We can also think of these inputs as one set, and these outputs as another set. Our relation is a rule that describes the relationship between this set of inputs and this set of outputs. In this case, the relationship is the vowels found in each persons name. This relation though is actually very special, it's actually a function. A function is unique because the inputs always give the same outputs. For example, Bob will always give us a letter o. Functions may have two different inputs like Tim and Jill that both produce the same output, in this case Jill and Tim both give us i. This is okay. This would not be a function because we can never have two different outputs, a and o, for one input, in this case, Bob. For a function, each input must correspond with exactly one output. So there can only be one arrow leading from any input to an output.

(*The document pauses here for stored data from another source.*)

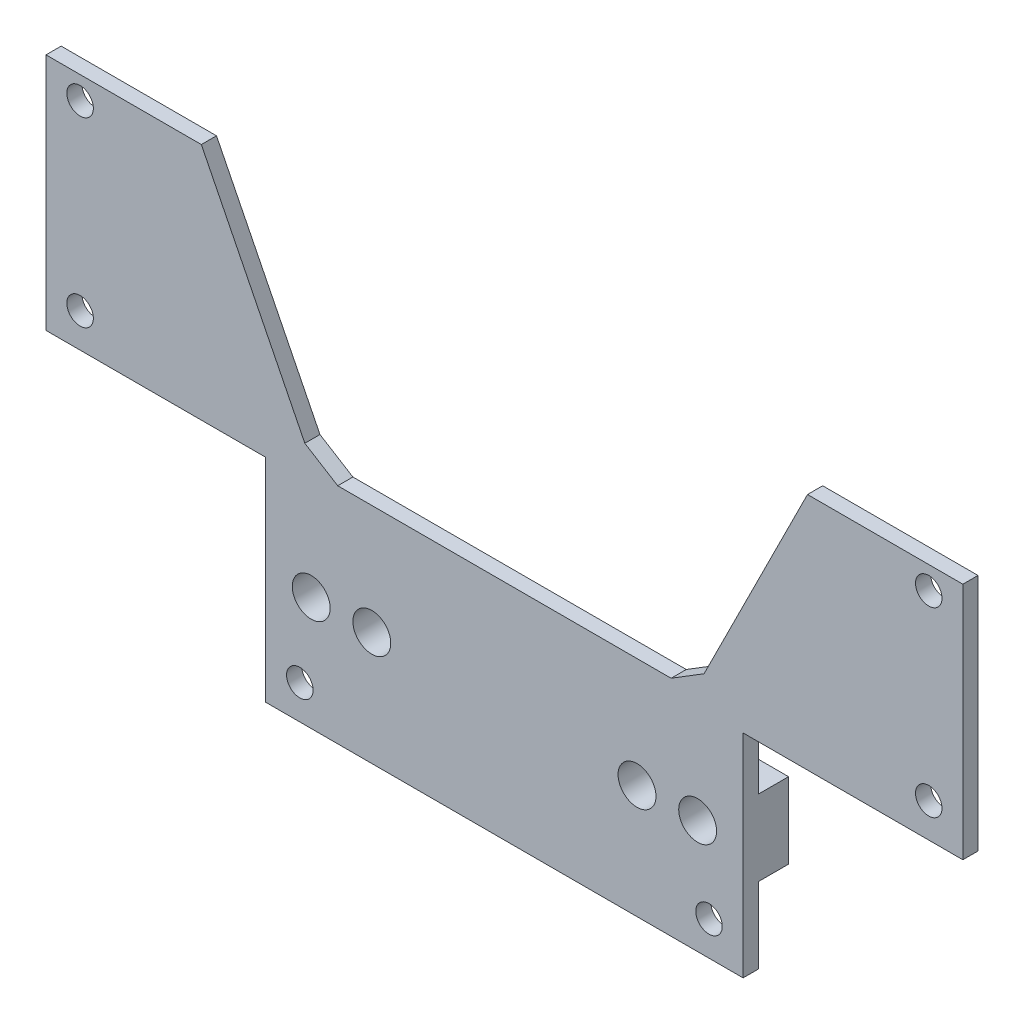
ISO-10303-21;
HEADER;
FILE_DESCRIPTION(('STEP AP214'),'2;1');
FILE_NAME('part.step','',(''),(''),'','','');
FILE_SCHEMA(('AUTOMOTIVE_DESIGN { 1 0 10303 214 1 1 1 1 }'));
ENDSEC;
DATA;
#1=APPLICATION_CONTEXT('core data for automotive mechanical design processes');
#2=APPLICATION_PROTOCOL_DEFINITION('international standard','automotive_design',2000,#1);
#3=PRODUCT_CONTEXT('',#1,'mechanical');
#4=PRODUCT('Part','Part','',(#3));
#5=PRODUCT_RELATED_PRODUCT_CATEGORY('part','',(#4));
#6=PRODUCT_DEFINITION_FORMATION('','',#4);
#7=PRODUCT_DEFINITION_CONTEXT('part definition',#1,'design');
#8=PRODUCT_DEFINITION('design','',#6,#7);
#9=PRODUCT_DEFINITION_SHAPE('','',#8);
#10=(LENGTH_UNIT() NAMED_UNIT(*) SI_UNIT(.MILLI.,.METRE.));
#11=(NAMED_UNIT(*) PLANE_ANGLE_UNIT() SI_UNIT($,.RADIAN.));
#12=(NAMED_UNIT(*) SI_UNIT($,.STERADIAN.) SOLID_ANGLE_UNIT());
#13=UNCERTAINTY_MEASURE_WITH_UNIT(LENGTH_MEASURE(1.E-05),#10,'distance_accuracy_value','');
#14=(GEOMETRIC_REPRESENTATION_CONTEXT(3) GLOBAL_UNCERTAINTY_ASSIGNED_CONTEXT((#13)) GLOBAL_UNIT_ASSIGNED_CONTEXT((#10,
#11,#12)) REPRESENTATION_CONTEXT('',''));
#15=CARTESIAN_POINT('',(0.,0.,0.));
#16=DIRECTION('',(0.,0.,1.));
#17=DIRECTION('',(1.,0.,0.));
#18=AXIS2_PLACEMENT_3D('',#15,#16,#17);
#19=CARTESIAN_POINT('',(60.5,59.5,1.99999999999995));
#20=DIRECTION('',(0.,-1.,0.));
#21=DIRECTION('',(0.,0.,-1.));
#22=AXIS2_PLACEMENT_3D('',#19,#20,#21);
#23=PLANE('',#22);
#24=DIRECTION('',(-1.,0.,0.));
#25=VECTOR('',#24,1.);
#26=CARTESIAN_POINT('',(60.5,59.5,-1.11022302462516E-13));
#27=LINE('',#26,#25);
#28=CARTESIAN_POINT('',(60.5,59.5,-1.11022302462516E-13));
#29=VERTEX_POINT('',#28);
#30=CARTESIAN_POINT('',(40.,59.5,-1.11022302462516E-13));
#31=VERTEX_POINT('',#30);
#32=EDGE_CURVE('E183',#29,#31,#27,.T.);
#33=ORIENTED_EDGE('',*,*,#32,.T.);
#34=DIRECTION('',(0.,0.,1.));
#35=VECTOR('',#34,1.);
#36=CARTESIAN_POINT('',(40.,59.5,-8.00000000000005));
#37=LINE('',#36,#35);
#38=CARTESIAN_POINT('',(40.,59.5,1.99999999999995));
#39=VERTEX_POINT('',#38);
#40=EDGE_CURVE('E166',#31,#39,#37,.T.);
#41=ORIENTED_EDGE('',*,*,#40,.T.);
#42=DIRECTION('',(-1.,0.,0.));
#43=VECTOR('',#42,1.);
#44=CARTESIAN_POINT('',(60.5,59.5,1.99999999999995));
#45=LINE('',#44,#43);
#46=CARTESIAN_POINT('',(60.5,59.5,1.99999999999995));
#47=VERTEX_POINT('',#46);
#48=EDGE_CURVE('E181',#47,#39,#45,.T.);
#49=ORIENTED_EDGE('',*,*,#48,.F.);
#50=DIRECTION('',(0.,0.,-1.));
#51=VECTOR('',#50,1.);
#52=CARTESIAN_POINT('',(60.5,59.5,1.99999999999995));
#53=LINE('',#52,#51);
#54=EDGE_CURVE('E212',#47,#29,#53,.T.);
#55=ORIENTED_EDGE('',*,*,#54,.T.);
#56=EDGE_LOOP('',(#33,#41,#49,#55));
#57=FACE_BOUND('',#56,.T.);
#58=ADVANCED_FACE('F39',(#57),#23,.F.);
#59=CARTESIAN_POINT('',(0.,0.,0.));
#60=DIRECTION('',(0.,0.,-1.));
#61=DIRECTION('',(-1.,0.,0.));
#62=AXIS2_PLACEMENT_3D('',#59,#60,#61);
#63=PLANE('',#62);
#64=CARTESIAN_POINT('',(27.,4.50000000000002,0.));
#65=DIRECTION('',(0.,0.,-1.));
#66=DIRECTION('',(-1.,0.,0.));
#67=AXIS2_PLACEMENT_3D('',#64,#65,#66);
#68=CIRCLE('',#67,1.75);
#69=CARTESIAN_POINT('',(25.25,4.50000000000002,0.));
#70=VERTEX_POINT('',#69);
#71=EDGE_CURVE('E308',#70,#70,#68,.T.);
#72=ORIENTED_EDGE('',*,*,#71,.F.);
#73=EDGE_LOOP('',(#72));
#74=FACE_BOUND('',#73,.T.);
#75=CARTESIAN_POINT('',(-27.,4.49999999999999,0.));
#76=DIRECTION('',(0.,0.,-1.));
#77=DIRECTION('',(-1.,0.,0.));
#78=AXIS2_PLACEMENT_3D('',#75,#76,#77);
#79=CIRCLE('',#78,1.75);
#80=CARTESIAN_POINT('',(-28.75,4.49999999999999,0.));
#81=VERTEX_POINT('',#80);
#82=EDGE_CURVE('E314',#81,#81,#79,.T.);
#83=ORIENTED_EDGE('',*,*,#82,.F.);
#84=EDGE_LOOP('',(#83));
#85=FACE_BOUND('',#84,.T.);
#86=DIRECTION('',(0.,-1.,0.));
#87=VECTOR('',#86,1.);
#88=CARTESIAN_POINT('',(-31.5,0.,0.));
#89=LINE('',#88,#87);
#90=CARTESIAN_POINT('',(-31.5,10.,0.));
#91=VERTEX_POINT('',#90);
#92=CARTESIAN_POINT('',(-31.5,0.,0.));
#93=VERTEX_POINT('',#92);
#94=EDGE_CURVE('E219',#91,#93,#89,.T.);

Here I have one relation between age and person. The age are the inputs, and the type of person is the output. Here's a different relation: This one has an input of color, and this one has an output of fruit. I want you to tell me whether each relation is a function or not. Type yes or no in the boxes.
I know a 5 year old is considered to be a child, and so is a 2 year old. A person who is 16 would be considered a teenager, and people for these last ages would be considered adults. When checking to see if this is a function, I want to make sure that my inputs correspond to exactly 1 output. In each case, I only have one arrow leaving, or going away, towards the output. So yes, this is a function. And remember, just like last case with Jill and Tim, who's outputs were i, we have 5 and 2, who's outputs were both at child. We can havt two inputs that make the same output, but we can't have two outputs from one input. For the second relation I know the color red can correspond to a strawberry or to a raspberry. Notice this input has 2 different outputs. If I say the word red, I'm not sure what output I'm talking about. I could be talking about a strawberry or a raspberry. I don't know. So this is definitely not a function. It breaks our rule. This input has two outputs. We find the same case to be true with yellow. It could correspond to a banana or a lemon. If an input has two outputs even once, then it's not a function. So we only need to stop once we see that the first time.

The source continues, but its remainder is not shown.